P x P-sized state transition probability matrix R n (t) is represented as follows:
R n (t)=[Pr(c n (t+1)=l s |c n (t)=w s )] P×P l s ,w s ∈P (1)
in addition, the large data transmissions in the mist computing-blockchain system require network bandwidth resources to be taken up, but it is difficult in its architecture to know exactly how much network bandwidth resources are available in the next time slotTherefore, we also assume that the network bandwidth resource is B and that the network bandwidth resource is modeled as a random variable w b It can be divided into discrete intervals X, denoted as x= { X 0 ,X 1 ,...,X X-1 }。w b (t) is the available bandwidth resource over time slot t, we model the state of this random variable also through a Markov chain.
X-sized state transition probability matrix O b (t) is represented as follows:
O b (t)=[Pr(w b (t+1)=q s |w b (t)=m s )] X×X q s ,w s ∈X (2)

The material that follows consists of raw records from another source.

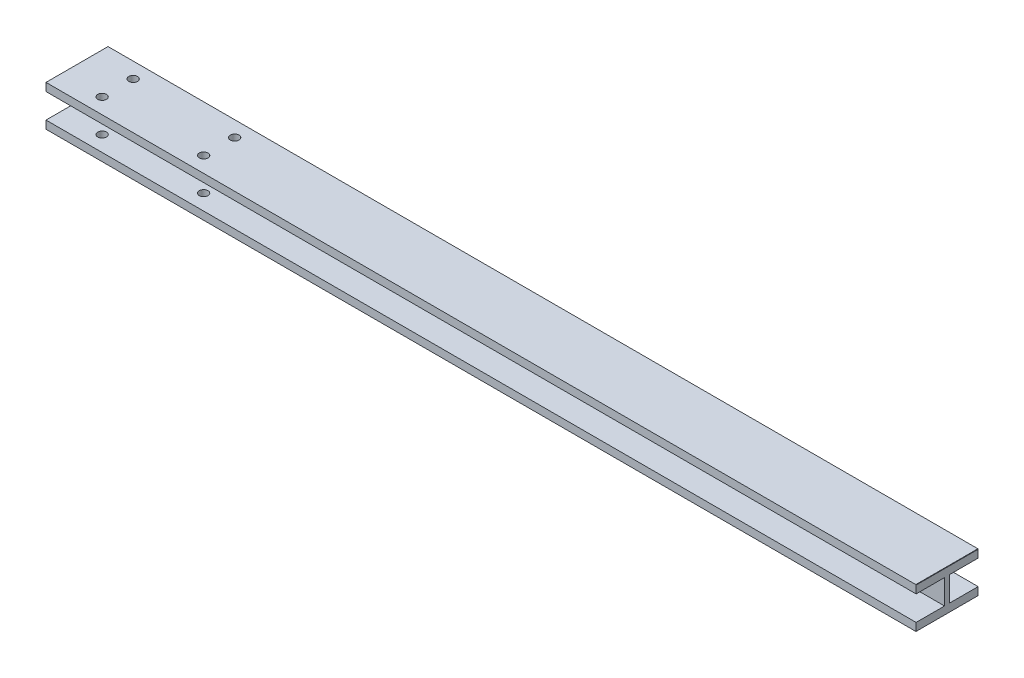
ISO-10303-21;
HEADER;
FILE_DESCRIPTION(('STEP AP214'),'2;1');
FILE_NAME('part.step','',(''),(''),'','','');
FILE_SCHEMA(('AUTOMOTIVE_DESIGN { 1 0 10303 214 1 1 1 1 }'));
ENDSEC;
DATA;
#1=APPLICATION_CONTEXT('core data for automotive mechanical design processes');
#2=APPLICATION_PROTOCOL_DEFINITION('international standard','automotive_design',2000,#1);
#3=PRODUCT_CONTEXT('',#1,'mechanical');
#4=PRODUCT('Part','Part','',(#3));
#5=PRODUCT_RELATED_PRODUCT_CATEGORY('part','',(#4));
#6=PRODUCT_DEFINITION_FORMATION('','',#4);
#7=PRODUCT_DEFINITION_CONTEXT('part definition',#1,'design');
#8=PRODUCT_DEFINITION('design','',#6,#7);
#9=PRODUCT_DEFINITION_SHAPE('','',#8);
#10=(LENGTH_UNIT() NAMED_UNIT(*) SI_UNIT(.MILLI.,.METRE.));
#11=(NAMED_UNIT(*) PLANE_ANGLE_UNIT() SI_UNIT($,.RADIAN.));
#12=(NAMED_UNIT(*) SI_UNIT($,.STERADIAN.) SOLID_ANGLE_UNIT());
#13=UNCERTAINTY_MEASURE_WITH_UNIT(LENGTH_MEASURE(1.E-05),#10,'distance_accuracy_value','');
#14=(GEOMETRIC_REPRESENTATION_CONTEXT(3) GLOBAL_UNCERTAINTY_ASSIGNED_CONTEXT((#13)) GLOBAL_UNIT_ASSIGNED_CONTEXT((#10,
#11,#12)) REPRESENTATION_CONTEXT('',''));
#15=CARTESIAN_POINT('',(0.,0.,0.));
#16=DIRECTION('',(0.,0.,1.));
#17=DIRECTION('',(1.,0.,0.));
#18=AXIS2_PLACEMENT_3D('',#15,#16,#17);
#19=CARTESIAN_POINT('',(3000.,140.,0.));
#20=DIRECTION('',(-1.,0.,0.));
#21=DIRECTION('',(0.,0.,1.));
#22=AXIS2_PLACEMENT_3D('',#19,#20,#21);
#23=PLANE('',#22);
#24=DIRECTION('',(0.,-1.,0.));
#25=VECTOR('',#24,1.);
#26=CARTESIAN_POINT('',(3000.,140.,213.9));
#27=LINE('',#26,#25);
#28=CARTESIAN_POINT('',(3000.,27.5,213.9));
#29=VERTEX_POINT('',#28);
#30=CARTESIAN_POINT('',(3000.,0.5,213.9));
#31=VERTEX_POINT('',#30);
#32=EDGE_CURVE('E230',#29,#31,#27,.T.);
#33=ORIENTED_EDGE('',*,*,#32,.T.);
#34=DIRECTION('',(0.,0.,1.));
#35=VECTOR('',#34,1.);
#36=CARTESIAN_POINT('',(3000.,0.5,213.9));
#37=LINE('',#36,#35);
#38=CARTESIAN_POINT('',(3000.,0.5,0.5));
#39=VERTEX_POINT('',#38);
#40=EDGE_CURVE('E212',#39,#31,#37,.T.);
#41=ORIENTED_EDGE('',*,*,#40,.F.);
#42=DIRECTION('',(0.,-1.,0.));
#43=VECTOR('',#42,1.);
#44=CARTESIAN_POINT('',(3000.,139.,0.5));
#45=LINE('',#44,#43);
#46=CARTESIAN_POINT('',(3000.,27.5,0.5));
#47=VERTEX_POINT('',#46);
#48=EDGE_CURVE('E543',#47,#39,#45,.T.);
#49=ORIENTED_EDGE('',*,*,#48,.F.);
#50=DIRECTION('',(0.,0.,-1.));
#51=VECTOR('',#50,1.);
#52=CARTESIAN_POINT('',(3000.,27.5,0.));
#53=LINE('',#52,#51);
#54=CARTESIAN_POINT('',(3000.,27.5,97.9999999999999));
#55=VERTEX_POINT('',#54);
#56=EDGE_CURVE('E515',#55,#47,#53,.T.);
#57=ORIENTED_EDGE('',*,*,#56,.F.);
#58=DIRECTION('',(0.,-1.,0.));
#59=VECTOR('',#58,1.);
#60=CARTESIAN_POINT('',(3000.,0.,97.9999999999999));
#61=LINE('',#60,#59);
#62=CARTESIAN_POINT('',(3000.,112.5,97.9999999999999));
#63=VERTEX_POINT('',#62);
#64=EDGE_CURVE('E511',#63,#55,#61,.T.);
#65=ORIENTED_EDGE('',*,*,#64,.F.);
#66=DIRECTION('',(0.,0.,1.));
#67=VECTOR('',#66,1.);
#68=CARTESIAN_POINT('',(3000.,112.5,0.));
#69=LINE('',#68,#67);
#70=CARTESIAN_POINT('',(3000.,112.5,0.5));
#71=VERTEX_POINT('',#70);
#72=EDGE_CURVE('E503',#71,#63,#69,.T.);
#73=ORIENTED_EDGE('',*,*,#72,.F.);
#74=CARTESIAN_POINT('',(3000.,139.,0.5));
#75=VERTEX_POINT('',#74);
#76=EDGE_CURVE('E545',#75,#71,#45,.T.);
#77=ORIENTED_EDGE('',*,*,#76,.F.);
#78=DIRECTION('',(0.,0.,-1.));
#79=VECTOR('',#78,1.);
#80=CARTESIAN_POINT('',(3000.,139.,0.));
#81=LINE('',#80,#79);
#82=CARTESIAN_POINT('',(3000.,139.,213.9));
#83=VERTEX_POINT('',#82);
#84=EDGE_CURVE('E582',#83,#75,#81,.T.);
#85=ORIENTED_EDGE('',*,*,#84,.F.);
#86=CARTESIAN_POINT('',(3000.,112.5,213.9));
#87=VERTEX_POINT('',#86);
#88=EDGE_CURVE('E239',#83,#87,#27,.T.);
#89=ORIENTED_EDGE('',*,*,#88,.T.);
#90=DIRECTION('',(0.,0.,-1.));
#91=VECTOR('',#90,1.);
#92=CARTESIAN_POINT('',(3000.,112.5,0.));
#93=LINE('',#92,#91);
#94=CARTESIAN_POINT('',(3000.,112.5,115.9));
#95=VERTEX_POINT('',#94);
#96=EDGE_CURVE('E471',#87,#95,#93,.T.);
#97=ORIENTED_EDGE('',*,*,#96,.T.);
#98=DIRECTION('',(0.,-1.,0.));
#99=VECTOR('',#98,1.);
#100=CARTESIAN_POINT('',(3000.,0.,115.9));
#101=LINE('',#100,#99);
#102=CARTESIAN_POINT('',(3000.,27.5,115.9));
#103=VERTEX_POINT('',#102);
#104=EDGE_CURVE('E480',#95,#103,#101,.T.);
#105=ORIENTED_EDGE('',*,*,#104,.T.);
#106=DIRECTION('',(0.,0.,1.));
#107=VECTOR('',#106,1.);
#108=CARTESIAN_POINT('',(3000.,27.5,0.));
#109=LINE('',#108,#107);
#110=EDGE_CURVE('E237',#103,#29,#109,.T.);
#111=ORIENTED_EDGE('',*,*,#110,.T.);
#112=EDGE_LOOP('',(#33,#41,#49,#57,#65,#73,#77,#85,#89,#97,#105,#111));
#113=FACE_BOUND('',#112,.T.);
#114=ADVANCED_FACE('F51',(#113),#23,.F.);
#115=CARTESIAN_POINT('',(0.,140.,0.));
#116=DIRECTION('',(1.,0.,0.));
#117=DIRECTION('',(0.,0.,-1.));
#118=AXIS2_PLACEMENT_3D('',#115,#116,#117);
#119=PLANE('',#118);
#120=DIRECTION('',(0.,0.,1.));
#121=VECTOR('',#120,1.);
#122=CARTESIAN_POINT('',(0.,27.5,0.));
#123=LINE('',#122,#121);
#124=CARTESIAN_POINT('',(0.,27.5,115.9));
#125=VERTEX_POINT('',#124);
#126=CARTESIAN_POINT('',(0.,27.5,213.9));
#127=VERTEX_POINT('',#126);
#128=EDGE_CURVE('E479',#125,#127,#123,.T.);
#129=ORIENTED_EDGE('',*,*,#128,.F.);
#130=DIRECTION('',(0.,-1.,0.));
#131=VECTOR('',#130,1.);
#132=CARTESIAN_POINT('',(0.,0.,115.9));
#133=LINE('',#132,#131);
#134=CARTESIAN_POINT('',(0.,112.5,115.9));
#135=VERTEX_POINT('',#134);
#136=EDGE_CURVE('E606',#135,#125,#133,.T.);
#137=ORIENTED_EDGE('',*,*,#136,.F.);
#138=DIRECTION('',(0.,0.,-1.));
#139=VECTOR('',#138,1.);
#140=CARTESIAN_POINT('',(0.,112.5,0.));
#141=LINE('',#140,#139);
#142=CARTESIAN_POINT('',(0.,112.5,213.9));
#143=VERTEX_POINT('',#142);
#144=EDGE_CURVE('E499',#143,#135,#141,.T.);
#145=ORIENTED_EDGE('',*,*,#144,.F.);
#146=DIRECTION('',(0.,-1.,0.));
#147=VECTOR('',#146,1.);
#148=CARTESIAN_POINT('',(0.,140.,213.9));
#149=LINE('',#148,#147);
#150=CARTESIAN_POINT('',(0.,140.,213.9));
#151=VERTEX_POINT('',#150);
#152=EDGE_CURVE('E251',#151,#143,#149,.T.);
#153=ORIENTED_EDGE('',*,*,#152,.F.);
#154=DIRECTION('',(0.,0.,1.));
#155=VECTOR('',#154,1.);
#156=CARTESIAN_POINT('',(0.,140.,0.));
#157=LINE('',#156,#155);
#158=CARTESIAN_POINT('',(0.,140.,0.));
#159=VERTEX_POINT('',#158);
#160=EDGE_CURVE('E356',#159,#151,#157,.T.);
#161=ORIENTED_EDGE('',*,*,#160,.F.);
#162=DIRECTION('',(0.,-1.,0.));
#163=VECTOR('',#162,1.);
#164=CARTESIAN_POINT('',(0.,140.,0.));
#165=LINE('',#164,#163);
#166=CARTESIAN_POINT('',(0.,112.5,0.));
#167=VERTEX_POINT('',#166);
#168=EDGE_CURVE('E240',#159,#167,#165,.T.);
#169=ORIENTED_EDGE('',*,*,#168,.T.);
#170=DIRECTION('',(0.,0.,1.));
#171=VECTOR('',#170,1.);
#172=CARTESIAN_POINT('',(0.,112.5,0.));
#173=LINE('',#172,#171);
#174=CARTESIAN_POINT('',(0.,112.5,97.9999999999999));
#175=VERTEX_POINT('',#174);
#176=EDGE_CURVE('E506',#167,#175,#173,.T.);
#177=ORIENTED_EDGE('',*,*,#176,.T.);
#178=DIRECTION('',(0.,-1.,0.));
#179=VECTOR('',#178,1.);
#180=CARTESIAN_POINT('',(0.,0.,97.9999999999999));
#181=LINE('',#180,#179);
#182=CARTESIAN_POINT('',(0.,27.5,97.9999999999999));
#183=VERTEX_POINT('',#182);
#184=EDGE_CURVE('E500',#175,#183,#181,.T.);
#185=ORIENTED_EDGE('',*,*,#184,.T.);
#186=DIRECTION('',(0.,0.,-1.));
#187=VECTOR('',#186,1.);
#188=CARTESIAN_POINT('',(0.,27.5,0.));
#189=LINE('',#188,#187);
#190=CARTESIAN_POINT('',(0.,27.5,0.));
#191=VERTEX_POINT('',#190);
#192=EDGE_CURVE('E393',#183,#191,#189,.T.);
#193=ORIENTED_EDGE('',*,*,#192,.T.);
#194=CARTESIAN_POINT('',(0.,0.,0.));
#195=VERTEX_POINT('',#194);
#196=EDGE_CURVE('E247',#191,#195,#165,.T.);
#197=ORIENTED_EDGE('',*,*,#196,.T.);
#198=DIRECTION('',(0.,0.,1.));
#199=VECTOR('',#198,1.);
#200=CARTESIAN_POINT('',(0.,0.,0.));
#201=LINE('',#200,#199);
#202=CARTESIAN_POINT('',(0.,0.,213.9));
#203=VERTEX_POINT('',#202);
#204=EDGE_CURVE('E351',#195,#203,#201,.T.);
#205=ORIENTED_EDGE('',*,*,#204,.T.);
#206=EDGE_CURVE('E245',#127,#203,#149,.T.);
#207=ORIENTED_EDGE('',*,*,#206,.F.);
#208=EDGE_LOOP('',(#129,#137,#145,#153,#161,#169,#177,#185,#193,#197,#205,#207));
#209=FACE_BOUND('',#208,.T.);
#210=ADVANCED_FACE('F53',(#209),#119,.F.);
#211=CARTESIAN_POINT('',(0.,140.,213.9));
#212=DIRECTION('',(0.,0.,-1.));
#213=DIRECTION('',(-1.,0.,0.));
#214=AXIS2_PLACEMENT_3D('',#211,#212,#213);
#215=PLANE('',#214);
#216=DIRECTION('',(1.,0.,0.));
#217=VECTOR('',#216,1.);
#218=CARTESIAN_POINT('',(0.,0.,213.9));
#219=LINE('',#218,#217);
#220=CARTESIAN_POINT('',(2999.,0.,213.9));
#221=VERTEX_POINT('',#220);
#222=EDGE_CURVE('E371',#203,#221,#219,.T.);
#223=ORIENTED_EDGE('',*,*,#222,.T.);
#224=DIRECTION('',(0.,-1.,0.));
#225=VECTOR('',#224,1.);
#226=CARTESIAN_POINT('',(2999.,0.5,213.9));
#227=LINE('',#226,#225);
#228=CARTESIAN_POINT('',(2999.,0.5,213.9));
#229=VERTEX_POINT('',#228);
#230=EDGE_CURVE('E231',#229,#221,#227,.T.);
#231=ORIENTED_EDGE('',*,*,#230,.F.);
#232=DIRECTION('',(-1.,0.,0.));
#233=VECTOR('',#232,1.);
#234=CARTESIAN_POINT('',(3000.,0.5,213.9));
#235=LINE('',#234,#233);
#236=EDGE_CURVE('E216',#31,#229,#235,.T.);
#237=ORIENTED_EDGE('',*,*,#236,.F.);
#238=ORIENTED_EDGE('',*,*,#32,.F.);
#239=DIRECTION('',(1.,0.,0.));
#240=VECTOR('',#239,1.);
#241=CARTESIAN_POINT('',(0.,27.5,213.9));
#242=LINE('',#241,#240);
#243=EDGE_CURVE('E260',#127,#29,#242,.T.);
#244=ORIENTED_EDGE('',*,*,#243,.F.);
#245=ORIENTED_EDGE('',*,*,#206,.T.);
#246=EDGE_LOOP('',(#223,#231,#237,#238,#244,#245));
#247=FACE_BOUND('',#246,.T.);
#248=ADVANCED_FACE('F228',(#247),#215,.F.);
#249=DIRECTION('',(1.,0.,0.));
#250=VECTOR('',#249,1.);
#251=CARTESIAN_POINT('',(3000.,139.,213.9));
#252=LINE('',#251,#250);
#253=CARTESIAN_POINT('',(2999.,139.,213.9));
#254=VERTEX_POINT('',#253);
#255=EDGE_CURVE('E593',#254,#83,#252,.T.);
#256=ORIENTED_EDGE('',*,*,#255,.F.);
#257=DIRECTION('',(0.,1.,0.));
#258=VECTOR('',#257,1.);
#259=CARTESIAN_POINT('',(2999.,139.,213.9));
#260=LINE('',#259,#258);
#261=CARTESIAN_POINT('',(2999.,140.,213.9));
#262=VERTEX_POINT('',#261);
#263=EDGE_CURVE('E516',#254,#262,#260,.T.);
#264=ORIENTED_EDGE('',*,*,#263,.T.);
#265=DIRECTION('',(1.,0.,0.));
#266=VECTOR('',#265,1.);
#267=CARTESIAN_POINT('',(0.,140.,213.9));
#268=LINE('',#267,#266);
#269=EDGE_CURVE('E360',#151,#262,#268,.T.);
#270=ORIENTED_EDGE('',*,*,#269,.F.);
#271=ORIENTED_EDGE('',*,*,#152,.T.);
#272=DIRECTION('',(1.,0.,0.));
#273=VECTOR('',#272,1.);
#274=CARTESIAN_POINT('',(0.,112.5,213.9));
#275=LINE('',#274,#273);
#276=EDGE_CURVE('E473',#143,#87,#275,.T.);
#277=ORIENTED_EDGE('',*,*,#276,.T.);
#278=ORIENTED_EDGE('',*,*,#88,.F.);
#279=EDGE_LOOP('',(#256,#264,#270,#271,#277,#278));
#280=FACE_BOUND('',#279,.T.);
#281=ADVANCED_FACE('F485',(#280),#215,.F.);
#282=CARTESIAN_POINT('',(0.,140.,0.));
#283=DIRECTION('',(0.,0.,1.));
#284=DIRECTION('',(1.,0.,0.));
#285=AXIS2_PLACEMENT_3D('',#282,#283,#284);
#286=PLANE('',#285);
#287=DIRECTION('',(-1.,0.,0.));
#288=VECTOR('',#287,1.);
#289=CARTESIAN_POINT('',(3000.,139.,0.));
#290=LINE('',#289,#288);
#291=CARTESIAN_POINT('',(2999.5,139.,0.));
#292=VERTEX_POINT('',#291);
#293=CARTESIAN_POINT('',(2999.,139.,0.));
#294=VERTEX_POINT('',#293);
#295=EDGE_CURVE('E586',#292,#294,#290,.T.);
#296=ORIENTED_EDGE('',*,*,#295,.F.);
#297=DIRECTION('',(0.,1.,0.));
#298=VECTOR('',#297,1.);
#299=CARTESIAN_POINT('',(2999.5,139.,0.));
#300=LINE('',#299,#298);
#301=CARTESIAN_POINT('',(2999.5,112.5,0.));
#302=VERTEX_POINT('',#301);
#303=EDGE_CURVE('E552',#302,#292,#300,.T.);
#304=ORIENTED_EDGE('',*,*,#303,.F.);
#305=DIRECTION('',(1.,0.,0.));
#306=VECTOR('',#305,1.);
#307=CARTESIAN_POINT('',(0.,112.5,0.));
#308=LINE('',#307,#306);
#309=EDGE_CURVE('E526',#167,#302,#308,.T.);
#310=ORIENTED_EDGE('',*,*,#309,.F.);
#311=ORIENTED_EDGE('',*,*,#168,.F.);
#312=DIRECTION('',(-1.,0.,0.));
#313=VECTOR('',#312,1.);
#314=CARTESIAN_POINT('',(0.,140.,0.));
#315=LINE('',#314,#313);
#316=CARTESIAN_POINT('',(2999.,140.,0.));
#317=VERTEX_POINT('',#316);
#318=EDGE_CURVE('E365',#317,#159,#315,.T.);
#319=ORIENTED_EDGE('',*,*,#318,.F.);
#320=DIRECTION('',(0.,1.,0.));
#321=VECTOR('',#320,1.);
#322=CARTESIAN_POINT('',(2999.,139.,0.));
#323=LINE('',#322,#321);
#324=EDGE_CURVE('E596',#294,#317,#323,.T.);
#325=ORIENTED_EDGE('',*,*,#324,.F.);
#326=EDGE_LOOP('',(#296,#304,#310,#311,#319,#325));
#327=FACE_BOUND('',#326,.T.);
#328=ADVANCED_FACE('F627',(#327),#286,.F.);
#329=CARTESIAN_POINT('',(140.,140.,53.4749999999998));
#330=DIRECTION('',(0.,-1.,0.));
#331=DIRECTION('',(0.,0.,-1.));
#332=AXIS2_PLACEMENT_3D('',#329,#330,#331);
#333=CYLINDRICAL_SURFACE('',#332,15.);
#334=CARTESIAN_POINT('',(140.,112.5,53.4749999999998));
#335=DIRECTION('',(0.,1.,0.));
#336=DIRECTION('',(0.,0.,1.));
#337=AXIS2_PLACEMENT_3D('',#334,#335,#336);
#338=CIRCLE('',#337,15.);
#339=CARTESIAN_POINT('',(140.,112.5,68.4749999999998));
#340=VERTEX_POINT('',#339);
#341=EDGE_CURVE('E287',#340,#340,#338,.T.);
#342=ORIENTED_EDGE('',*,*,#341,.F.);
#343=EDGE_LOOP('',(#342));
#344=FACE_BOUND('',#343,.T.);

in a blockchain-based fog computing system, quality of service (QoS) requirements may vary significantly for different application scenarios. For example, some applications require low latency to achieve fast response, while others focus on extremely high throughput to process large amounts of data. Accordingly, it is necessary to dynamically adjust the configuration of the blockchain to optimize system performance according to different QoS requirements. To better evaluate and adjust the quality of service of the fog computing-blockchain system, we measure its performance, i.e., throughput and delay, by two key metrics. To represent these two parameters we can introduce a vector Q, where the first parameter represents the throughput criterion and the second parameter represents the latency (delay) criterion, which is expressed in particular as follows:
Q=[q T ,q L ] (3)
wherein the calculation of the throughput criterion is expressed as follows:
wherein delta target Is the throughput, delta, calculated using the current blockchain configuration avg Is the throughput calculated using a standard blockchain configuration.
Wherein θ is target Is the delay, θ, calculated using the current blockchain configuration avg Is the calculated delay under a standard blockchain configuration.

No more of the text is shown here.